§ **WHAT TO DO**: Extract exactly the lines from the top of the records through the line containing "msp = doc.modelspace()", and keep pictures out of the copy.

::::

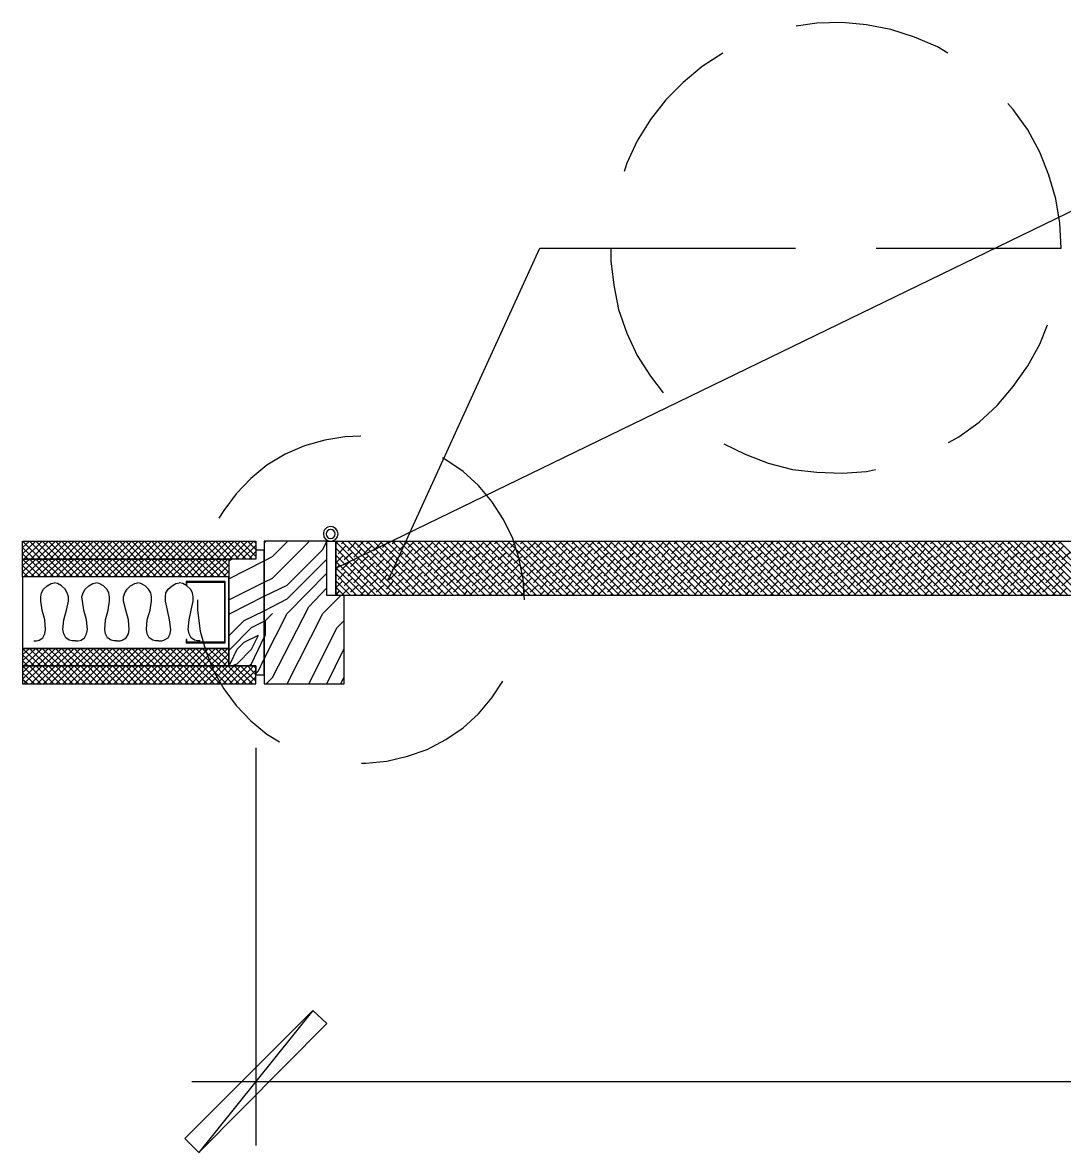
# Model space of a CAD drawing. Header units: millimetres. Extents: x 10 to 831, y 7 to 587.
# Drawn here: x 547.79 to 563.62, y 429.72 to 446.9 of the extents above; entities that cross this region are included whole.
import ezdxf

# ---------------------------------------------------------------- set-up
doc = ezdxf.new("R2010")
doc.units = ezdxf.units.MM
doc.layers.get('0').update_dxf_attribs({"linetype": 'CONTINUOUS'})

msp = doc.modelspace()

# ---------------------------------------------------------------- linework, layer by layer
at = {"color": 0}
for p, q in [((559.862, 446.888), (559.544, 446.846)), ((559.862, 446.888), (559.544, 446.846)), ((560.243, 446.899), (559.862, 446.888)), ((560.243, 446.899), (559.862, 446.888)), ((560.613, 446.867), (560.243, 446.899)), ((560.613, 446.867), (560.243, 446.899)), ((560.984, 446.793), (560.613, 446.867)), ((560.984, 446.793), (560.613, 446.867)), ((561.344, 446.677), (560.984, 446.793)), ((561.344, 446.677), (560.984, 446.793)), ((561.693, 446.528), (561.344, 446.677)), ((561.693, 446.528), (561.344, 446.677)), ((558.433, 446.433), (558.116, 446.232)), ((558.433, 446.433), (558.116, 446.232)), ((561.852, 446.433), (561.693, 446.528)), ((561.852, 446.433), (561.693, 446.528)), ((558.116, 446.232), (557.83, 445.989)), ((558.116, 446.232), (557.83, 445.989)), ((557.83, 445.989), (557.565, 445.724)), ((557.83, 445.989), (557.565, 445.724)), ((557.565, 445.724), (557.332, 445.428)), ((557.565, 445.724), (557.332, 445.428)), ((562.846, 445.576), (562.762, 445.671)), ((562.846, 445.576), (562.762, 445.671)), ((563.069, 445.269), (562.846, 445.576)), ((563.069, 445.269), (562.846, 445.576)), ((557.332, 445.428), (557.131, 445.1)), ((557.332, 445.428), (557.131, 445.1)), ((563.249, 444.93), (563.069, 445.269)), ((563.249, 444.93), (563.069, 445.269)), ((557.131, 445.1), (556.973, 444.761)), ((557.131, 445.1), (556.973, 444.761)), ((563.386, 444.581), (563.249, 444.93)), ((563.386, 444.581), (563.249, 444.93)), ((556.973, 444.761), (556.93, 444.634)), ((556.973, 444.761), (556.93, 444.634)), ((563.492, 444.221), (563.386, 444.581)), ((563.492, 444.221), (563.386, 444.581)), ((563.555, 443.851), (563.492, 444.221)), ((563.555, 443.851), (563.492, 444.221)), ((563.577, 443.47), (563.555, 443.851)), ((563.577, 443.47), (563.555, 443.851)), ((553.353, 438.443), (555.65, 443.47)), ((555.65, 443.47), (556.719, 443.47)), ((556.719, 443.47), (559.534, 443.47)), ((556.719, 443.47), (559.534, 443.47)), ((556.729, 443.47), (556.729, 443.279)), ((556.729, 443.47), (556.729, 443.279)), ((560.761, 443.47), (563.577, 443.47)), ((560.761, 443.47), (563.577, 443.47)), ((556.729, 443.279), (556.772, 442.909)), ((556.729, 443.279), (556.772, 442.909)), ((556.772, 442.909), (556.846, 442.539)), ((556.772, 442.909), (556.846, 442.539)), ((556.846, 442.539), (556.973, 442.179)), ((556.846, 442.539), (556.973, 442.179)), ((556.973, 442.179), (557.131, 441.84)), ((556.973, 442.179), (557.131, 441.84)), ((563.249, 442.009), (563.365, 442.306)), ((563.249, 442.009), (563.365, 442.306)), ((563.069, 441.681), (563.249, 442.009)), ((563.069, 441.681), (563.249, 442.009)), ((557.131, 441.84), (557.332, 441.523)), ((557.131, 441.84), (557.332, 441.523)), ((562.846, 441.364), (563.069, 441.681)), ((562.846, 441.364), (563.069, 441.681)), ((557.332, 441.523), (557.523, 441.269)), ((557.332, 441.523), (557.523, 441.269)), ((562.603, 441.078), (562.846, 441.364)), ((562.603, 441.078), (562.846, 441.364)), ((562.328, 440.824), (562.603, 441.078)), ((562.328, 440.824), (562.603, 441.078)), ((562.021, 440.602), (562.328, 440.824)), ((562.021, 440.602), (562.328, 440.824)), ((552.686, 440.602), (552.379, 440.549)), ((552.93, 440.612), (552.686, 440.602)), ((561.862, 440.517), (562.021, 440.602)), ((561.862, 440.517), (562.021, 440.602)), ((552.073, 440.464), (551.776, 440.337)), ((552.379, 440.549), (552.073, 440.464)), ((558.444, 440.496), (558.772, 440.337)), ((558.444, 440.496), (558.772, 440.337)), ((551.776, 440.337), (551.501, 440.168)), ((554.221, 440.253), (554.168, 440.284)), ((554.486, 440.073), (554.221, 440.253)), ((558.772, 440.337), (559.121, 440.2)), ((558.772, 440.337), (559.121, 440.2)), ((551.501, 440.168), (551.258, 439.967)), ((559.121, 440.2), (559.491, 440.104)), ((559.121, 440.2), (559.491, 440.104)), ((559.491, 440.104), (559.862, 440.062)), ((559.491, 440.104), (559.862, 440.062)), ((560.613, 440.073), (560.751, 440.104)), ((560.613, 440.073), (560.751, 440.104)), ((551.258, 439.967), (551.035, 439.734)), ((554.718, 439.861), (554.486, 440.073)), ((559.862, 440.062), (560.243, 440.051)), ((559.862, 440.062), (560.243, 440.051)), ((560.243, 440.051), (560.613, 440.073)), ((560.243, 440.051), (560.613, 440.073)), ((551.035, 439.734), (550.845, 439.48)), ((554.919, 439.618), (554.718, 439.861)), ((555.099, 439.342), (554.919, 439.618)), ((550.845, 439.48), (550.771, 439.364)), ((555.237, 439.057), (555.099, 439.342)), ((555.332, 438.76), (555.237, 439.057)), ((547.786, 438.739), (547.786, 439.014)), ((547.786, 439.014), (551.332, 439.014)), ((551.332, 439.014), (551.332, 438.739)), ((551.459, 438.877), (551.332, 438.877)), ((551.332, 438.877), (551.332, 438.739)), ((552.411, 439.014), (551.459, 439.014)), ((551.459, 439.014), (551.459, 438.887)), ((551.459, 438.887), (551.459, 436.972)), ((551.459, 436.982), (551.459, 438.877)), ((552.411, 438.189), (552.411, 439.014)), ((552.411, 438.189), (552.411, 439.014)), ((552.411, 439.014), (552.549, 439.014)), ((552.549, 438.189), (552.549, 439.014)), ((552.549, 439.014), (569.747, 439.014)), ((552.549, 439.014), (552.549, 438.189)), ((551.332, 438.739), (547.786, 438.739)), ((547.786, 438.475), (547.786, 438.739)), ((547.786, 438.739), (550.919, 438.739)), ((551.332, 438.739), (550.919, 438.739)), ((550.919, 438.739), (550.919, 437.12)), ((550.919, 438.739), (550.919, 438.475)), ((555.396, 438.443), (555.332, 438.76)), ((550.919, 438.475), (547.786, 438.475)), ((547.786, 438.475), (547.786, 437.384)), ((550.919, 438.475), (547.786, 438.475)), ((548.157, 438.337), (548.22, 438.369)), ((548.22, 438.369), (548.273, 438.379)), ((548.315, 438.369), (548.273, 438.379)), ((548.379, 438.337), (548.315, 438.369)), ((548.792, 438.337), (548.855, 438.369)), ((548.855, 438.369), (548.898, 438.379)), ((548.95, 438.369), (548.898, 438.379)), ((549.014, 438.337), (548.95, 438.369)), ((549.427, 438.337), (549.49, 438.369)), ((549.49, 438.369), (549.533, 438.379)), ((549.585, 438.369), (549.533, 438.379)), ((549.649, 438.337), (549.585, 438.369)), ((550.062, 438.337), (550.115, 438.369)), ((550.115, 438.369), (550.168, 438.379)), ((550.22, 438.369), (550.168, 438.379)), ((550.284, 438.337), (550.22, 438.369)), ((550.866, 438.4), (550.273, 438.4)), ((550.273, 438.4), (550.273, 438.39)), ((550.273, 438.39), (550.273, 438.348)), ((550.284, 438.39), (550.855, 438.39)), ((550.284, 438.348), (550.284, 438.39)), ((550.855, 438.39), (550.855, 437.48)), ((550.866, 437.469), (550.866, 438.4)), ((550.919, 437.384), (550.919, 438.475)), ((553.343, 438.422), (553.343, 438.443)), ((553.343, 438.422), (553.353, 438.443)), ((553.364, 438.432), (553.343, 438.422)), ((555.417, 438.125), (555.396, 438.443)), ((548.061, 438.168), (548.072, 438.231)), ((548.072, 438.231), (548.104, 438.284)), ((548.104, 438.284), (548.157, 438.337)), ((548.432, 438.284), (548.379, 438.337)), ((548.464, 438.231), (548.432, 438.284)), ((548.485, 438.168), (548.464, 438.231)), ((548.686, 438.168), (548.707, 438.231)), ((548.707, 438.231), (548.739, 438.284)), ((548.739, 438.284), (548.792, 438.337)), ((549.067, 438.284), (549.014, 438.337)), ((549.099, 438.231), (549.067, 438.284)), ((549.109, 438.168), (549.099, 438.231)), ((549.321, 438.168), (549.342, 438.231)), ((549.342, 438.231), (549.374, 438.284)), ((549.374, 438.284), (549.427, 438.337)), ((549.702, 438.284), (549.649, 438.337)), ((549.734, 438.231), (549.702, 438.284)), ((549.744, 438.168), (549.734, 438.231)), ((549.956, 438.168), (549.966, 438.231)), ((549.966, 438.231), (549.998, 438.284)), ((549.998, 438.284), (550.062, 438.337)), ((550.273, 438.348), (550.284, 438.348)), ((550.337, 438.284), (550.284, 438.337)), ((550.369, 438.231), (550.337, 438.284)), ((550.379, 438.168), (550.369, 438.231)), ((552.676, 438.189), (552.411, 438.189)), ((552.549, 438.189), (552.411, 438.189)), ((569.747, 438.189), (552.549, 438.189)), ((552.676, 436.845), (552.676, 438.189)), ((548.061, 438.104), (548.061, 438.168)), ((548.083, 437.967), (548.061, 438.104)), ((548.453, 437.967), (548.485, 438.104)), ((548.485, 438.104), (548.485, 438.168)), ((548.696, 438.104), (548.686, 438.168)), ((548.718, 437.967), (548.696, 438.104)), ((549.088, 437.967), (549.109, 438.104)), ((549.109, 438.104), (549.109, 438.168)), ((549.321, 438.104), (549.321, 438.168)), ((549.353, 437.967), (549.321, 438.104)), ((549.723, 437.967), (549.744, 438.104)), ((549.744, 438.104), (549.744, 438.168)), ((549.956, 438.104), (549.956, 438.168)), ((549.988, 437.967), (549.956, 438.104)), ((550.347, 437.967), (550.379, 438.104)), ((550.379, 438.104), (550.379, 438.168)), ((550.443, 438.125), (550.443, 437.967)), ((548.125, 437.818), (548.083, 437.967)), ((548.411, 437.818), (548.453, 437.967)), ((548.76, 437.818), (548.718, 437.967)), ((549.046, 437.818), (549.088, 437.967)), ((549.395, 437.818), (549.353, 437.967)), ((549.681, 437.818), (549.723, 437.967)), ((550.019, 437.818), (549.988, 437.967)), ((550.316, 437.818), (550.347, 437.967)), ((550.443, 437.967), (550.485, 437.649)), ((548.136, 437.67), (548.125, 437.818)), ((548.125, 437.607), (548.136, 437.67)), ((548.4, 437.67), (548.411, 437.818)), ((548.411, 437.607), (548.4, 437.67)), ((548.771, 437.67), (548.76, 437.818)), ((548.76, 437.607), (548.771, 437.67)), ((549.035, 437.67), (549.046, 437.818)), ((549.046, 437.607), (549.035, 437.67)), ((549.406, 437.67), (549.395, 437.818)), ((549.395, 437.607), (549.406, 437.67)), ((549.67, 437.67), (549.681, 437.818)), ((549.681, 437.607), (549.67, 437.67)), ((550.041, 437.67), (550.019, 437.818)), ((550.03, 437.607), (550.041, 437.67)), ((550.305, 437.67), (550.316, 437.818)), ((550.316, 437.607), (550.305, 437.67)), ((547.956, 437.501), (547.998, 437.501)), ((547.998, 437.501), (548.04, 437.511)), ((548.04, 437.511), (548.093, 437.543)), ((548.093, 437.543), (548.125, 437.607)), ((548.442, 437.543), (548.411, 437.607)), ((548.495, 437.511), (548.442, 437.543)), ((548.538, 437.501), (548.495, 437.511)), ((548.591, 437.501), (548.538, 437.501)), ((548.591, 437.501), (548.633, 437.501)), ((548.633, 437.501), (548.675, 437.511)), ((548.675, 437.511), (548.728, 437.543)), ((548.728, 437.543), (548.76, 437.607)), ((549.077, 437.543), (549.046, 437.607)), ((549.13, 437.511), (549.077, 437.543)), ((549.173, 437.501), (549.13, 437.511)), ((549.215, 437.501), (549.173, 437.501)), ((549.215, 437.501), (549.268, 437.501)), ((549.268, 437.501), (549.3, 437.511)), ((549.3, 437.511), (549.363, 437.543)), ((549.363, 437.543), (549.395, 437.607)), ((549.712, 437.543), (549.681, 437.607)), ((549.765, 437.511), (549.712, 437.543)), ((549.808, 437.501), (549.765, 437.511)), ((549.85, 437.501), (549.808, 437.501)), ((549.85, 437.501), (549.903, 437.501)), ((549.903, 437.501), (549.935, 437.511)), ((549.935, 437.511), (549.998, 437.543)), ((549.998, 437.543), (550.03, 437.607)), ((550.284, 437.522), (550.273, 437.522)), ((550.273, 437.522), (550.273, 437.48)), ((550.284, 437.48), (550.284, 437.522)), ((550.347, 437.543), (550.316, 437.607)), ((550.4, 437.511), (550.347, 437.543)), ((550.443, 437.501), (550.4, 437.511)), ((550.485, 437.501), (550.443, 437.501)), ((550.485, 437.649), (550.57, 437.342)), ((547.786, 437.384), (550.919, 437.384)), ((547.786, 437.384), (547.786, 437.12)), ((550.919, 437.384), (547.786, 437.384)), ((550.273, 437.48), (550.273, 437.469)), ((550.273, 437.469), (550.866, 437.469)), ((550.855, 437.48), (550.284, 437.48)), ((550.57, 437.342), (550.686, 437.046)), ((550.919, 437.12), (550.919, 437.384)), ((547.786, 437.12), (547.786, 436.845)), ((551.332, 437.12), (547.786, 437.12)), ((547.786, 437.12), (550.919, 437.12)), ((550.686, 437.046), (550.845, 436.771)), ((550.919, 437.12), (551.332, 437.12)), ((551.332, 437.12), (551.332, 436.982)), ((551.332, 436.845), (551.332, 437.12)), ((547.786, 436.845), (551.332, 436.845)), ((551.332, 436.982), (551.459, 436.982)), ((551.459, 436.972), (551.459, 436.845)), ((551.459, 436.845), (552.676, 436.845)), ((554.919, 436.633), (555.089, 436.887)), ((550.845, 436.771), (551.035, 436.517)), ((551.035, 436.517), (551.258, 436.284)), ((554.718, 436.39), (554.919, 436.633)), ((554.486, 436.178), (554.718, 436.39)), ((551.258, 436.284), (551.501, 436.083)), ((554.221, 435.998), (554.486, 436.178)), ((551.501, 436.083), (551.692, 435.966)), ((553.935, 435.85), (554.221, 435.998)), ((551.332, 435.871), (551.332, 429.828)), ((553.639, 435.744), (553.935, 435.85)), ((552.94, 435.638), (553.004, 435.638)), ((553.004, 435.638), (553.321, 435.67)), ((553.321, 435.67), (553.639, 435.744)), ((550.252, 429.934), (552.2, 431.881)), ((552.2, 431.881), (550.464, 429.722)), ((552.2, 431.881), (550.464, 429.722)), ((552.2, 431.881), (550.464, 429.722)), ((552.2, 431.881), (550.464, 429.722)), ((552.411, 431.68), (552.2, 431.881)), ((552.411, 431.68), (552.2, 431.881)), ((550.464, 429.722), (552.411, 431.68)), ((550.464, 429.722), (552.411, 431.68)), ((550.358, 430.802), (571.81, 430.802)), ((550.464, 429.722), (550.252, 429.934)), ((550.464, 429.722), (550.252, 429.934))]:
    msp.add_line(p, q, dxfattribs=at)
at = {"color": 9}
for p, q in [((552.549, 438.602), (567.799, 446.01)), ((547.786, 439.014), (548.061, 438.739)), ((547.987, 439.014), (547.786, 438.824)), ((547.892, 439.014), (547.786, 438.919)), ((547.786, 438.919), (547.966, 438.739)), ((548.083, 439.014), (547.807, 438.739)), ((547.892, 439.014), (548.157, 438.739)), ((548.178, 439.014), (547.913, 438.739)), ((547.987, 439.014), (548.263, 438.739)), ((548.284, 439.014), (548.009, 438.739)), ((548.083, 439.014), (548.358, 438.739)), ((548.379, 439.014), (548.104, 438.739)), ((548.178, 439.014), (548.453, 438.739)), ((548.474, 439.014), (548.199, 438.739)), ((548.284, 439.014), (548.548, 438.739)), ((548.569, 439.014), (548.294, 438.739)), ((548.379, 439.014), (548.644, 438.739)), ((548.665, 439.014), (548.4, 438.739)), ((548.474, 439.014), (548.749, 438.739)), ((548.771, 439.014), (548.495, 438.739)), ((548.569, 439.014), (548.845, 438.739)), ((548.866, 439.014), (548.591, 438.739)), ((548.665, 439.014), (548.94, 438.739)), ((548.961, 439.014), (548.686, 438.739)), ((548.771, 439.014), (549.035, 438.739)), ((549.056, 439.014), (548.792, 438.739)), ((548.866, 439.014), (549.13, 438.739)), ((549.152, 439.014), (548.887, 438.739)), ((548.961, 439.014), (549.236, 438.739)), ((549.257, 439.014), (548.982, 438.739)), ((549.056, 439.014), (549.331, 438.739)), ((549.353, 439.014), (549.077, 438.739)), ((549.152, 439.014), (549.427, 438.739)), ((549.448, 439.014), (549.173, 438.739)), ((549.257, 439.014), (549.522, 438.739)), ((549.543, 439.014), (549.279, 438.739)), ((549.353, 439.014), (549.617, 438.739)), ((549.638, 439.014), (549.374, 438.739)), ((549.448, 439.014), (549.723, 438.739)), ((549.744, 439.014), (549.469, 438.739)), ((549.543, 439.014), (549.818, 438.739)), ((549.839, 439.014), (549.564, 438.739)), ((549.638, 439.014), (549.914, 438.739)), ((549.935, 439.014), (549.66, 438.739)), ((549.744, 439.014), (550.009, 438.739)), ((550.03, 439.014), (549.765, 438.739)), ((549.839, 439.014), (550.104, 438.739)), ((550.125, 439.014), (549.861, 438.739)), ((549.935, 439.014), (550.21, 438.739)), ((550.231, 439.014), (549.956, 438.739)), ((550.03, 439.014), (550.305, 438.739)), ((550.326, 439.014), (550.051, 438.739)), ((550.125, 439.014), (550.4, 438.739)), ((550.422, 439.014), (550.146, 438.739)), ((550.231, 439.014), (550.496, 438.739)), ((550.517, 439.014), (550.252, 438.739)), ((550.326, 439.014), (550.591, 438.739)), ((550.612, 439.014), (550.347, 438.739)), ((550.422, 439.014), (550.697, 438.739)), ((550.718, 439.014), (550.443, 438.739)), ((550.517, 439.014), (550.792, 438.739)), ((550.813, 439.014), (550.538, 438.739)), ((550.612, 439.014), (550.887, 438.739)), ((550.908, 439.014), (550.633, 438.739)), ((550.718, 439.014), (550.982, 438.739)), ((551.004, 439.014), (550.739, 438.739)), ((550.813, 439.014), (551.078, 438.739)), ((551.099, 439.014), (550.834, 438.739)), ((550.908, 439.014), (551.184, 438.739)), ((551.205, 439.014), (550.93, 438.739)), ((551.004, 439.014), (551.279, 438.739)), ((551.3, 439.014), (551.025, 438.739)), ((551.099, 439.014), (551.332, 438.781)), ((551.332, 438.951), (551.12, 438.739)), ((551.205, 439.014), (551.332, 438.887)), ((551.3, 439.014), (551.332, 438.983)), ((551.459, 438.993), (551.48, 439.004)), ((551.48, 439.004), (551.49, 439.014)), ((551.586, 438.781), (551.808, 439.004)), ((551.586, 438.453), (552.136, 439.004)), ((551.808, 439.004), (551.808, 439.014)), ((551.808, 438.348), (552.348, 438.887)), ((552.136, 439.004), (552.136, 439.014)), ((552.348, 438.887), (552.411, 439.014)), ((552.581, 439.014), (552.549, 438.983)), ((552.549, 439.004), (553.353, 438.189)), ((552.549, 438.908), (553.258, 438.189)), ((552.559, 438.898), (552.549, 438.887)), ((552.697, 438.94), (552.581, 438.824)), ((552.633, 439.014), (553.459, 438.189)), ((552.676, 439.014), (552.633, 438.972)), ((552.729, 439.014), (553.554, 438.189)), ((552.845, 438.993), (552.729, 438.866)), ((552.824, 439.014), (553.649, 438.189)), ((552.94, 438.898), (552.824, 438.771)), ((552.972, 439.014), (552.877, 438.919)), ((552.919, 439.014), (553.745, 438.189)), ((553.089, 438.94), (552.972, 438.824)), ((553.067, 439.014), (553.014, 438.972)), ((553.025, 439.014), (553.84, 438.189)), ((553.12, 439.014), (553.946, 438.189)), ((553.237, 438.993), (553.12, 438.866)), ((553.216, 439.014), (554.041, 438.189)), ((553.332, 438.898), (553.216, 438.771)), ((553.353, 439.014), (553.258, 438.919)), ((553.311, 439.014), (554.136, 438.189)), ((553.48, 438.94), (553.364, 438.824)), ((553.406, 439.014), (554.232, 438.189)), ((553.459, 439.014), (553.406, 438.972)), ((553.628, 438.993), (553.501, 438.866)), ((553.512, 439.014), (554.337, 438.189)), ((553.607, 439.014), (554.433, 438.189)), ((553.724, 438.898), (553.607, 438.771)), ((553.745, 439.014), (553.649, 438.919)), ((553.702, 439.014), (554.528, 438.189)), ((553.872, 438.94), (553.745, 438.824)), ((553.798, 439.014), (554.623, 438.189)), ((553.84, 439.014), (553.798, 438.972)), ((553.893, 439.014), (554.718, 438.189)), ((554.02, 438.993), (553.893, 438.866)), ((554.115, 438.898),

::::

§ **RESPONSE BOX**:
# Model space of a CAD drawing. Header units: millimetres. Extents: x 10 to 831, y 7 to 587.
# Drawn here: x 547.79 to 563.62, y 429.72 to 446.9 of the extents above; entities that cross this region are included whole.
import ezdxf

# ---------------------------------------------------------------- set-up
doc = ezdxf.new("R2010")
doc.units = ezdxf.units.MM
doc.layers.get('0').update_dxf_attribs({"linetype": 'CONTINUOUS'})

msp = doc.modelspace()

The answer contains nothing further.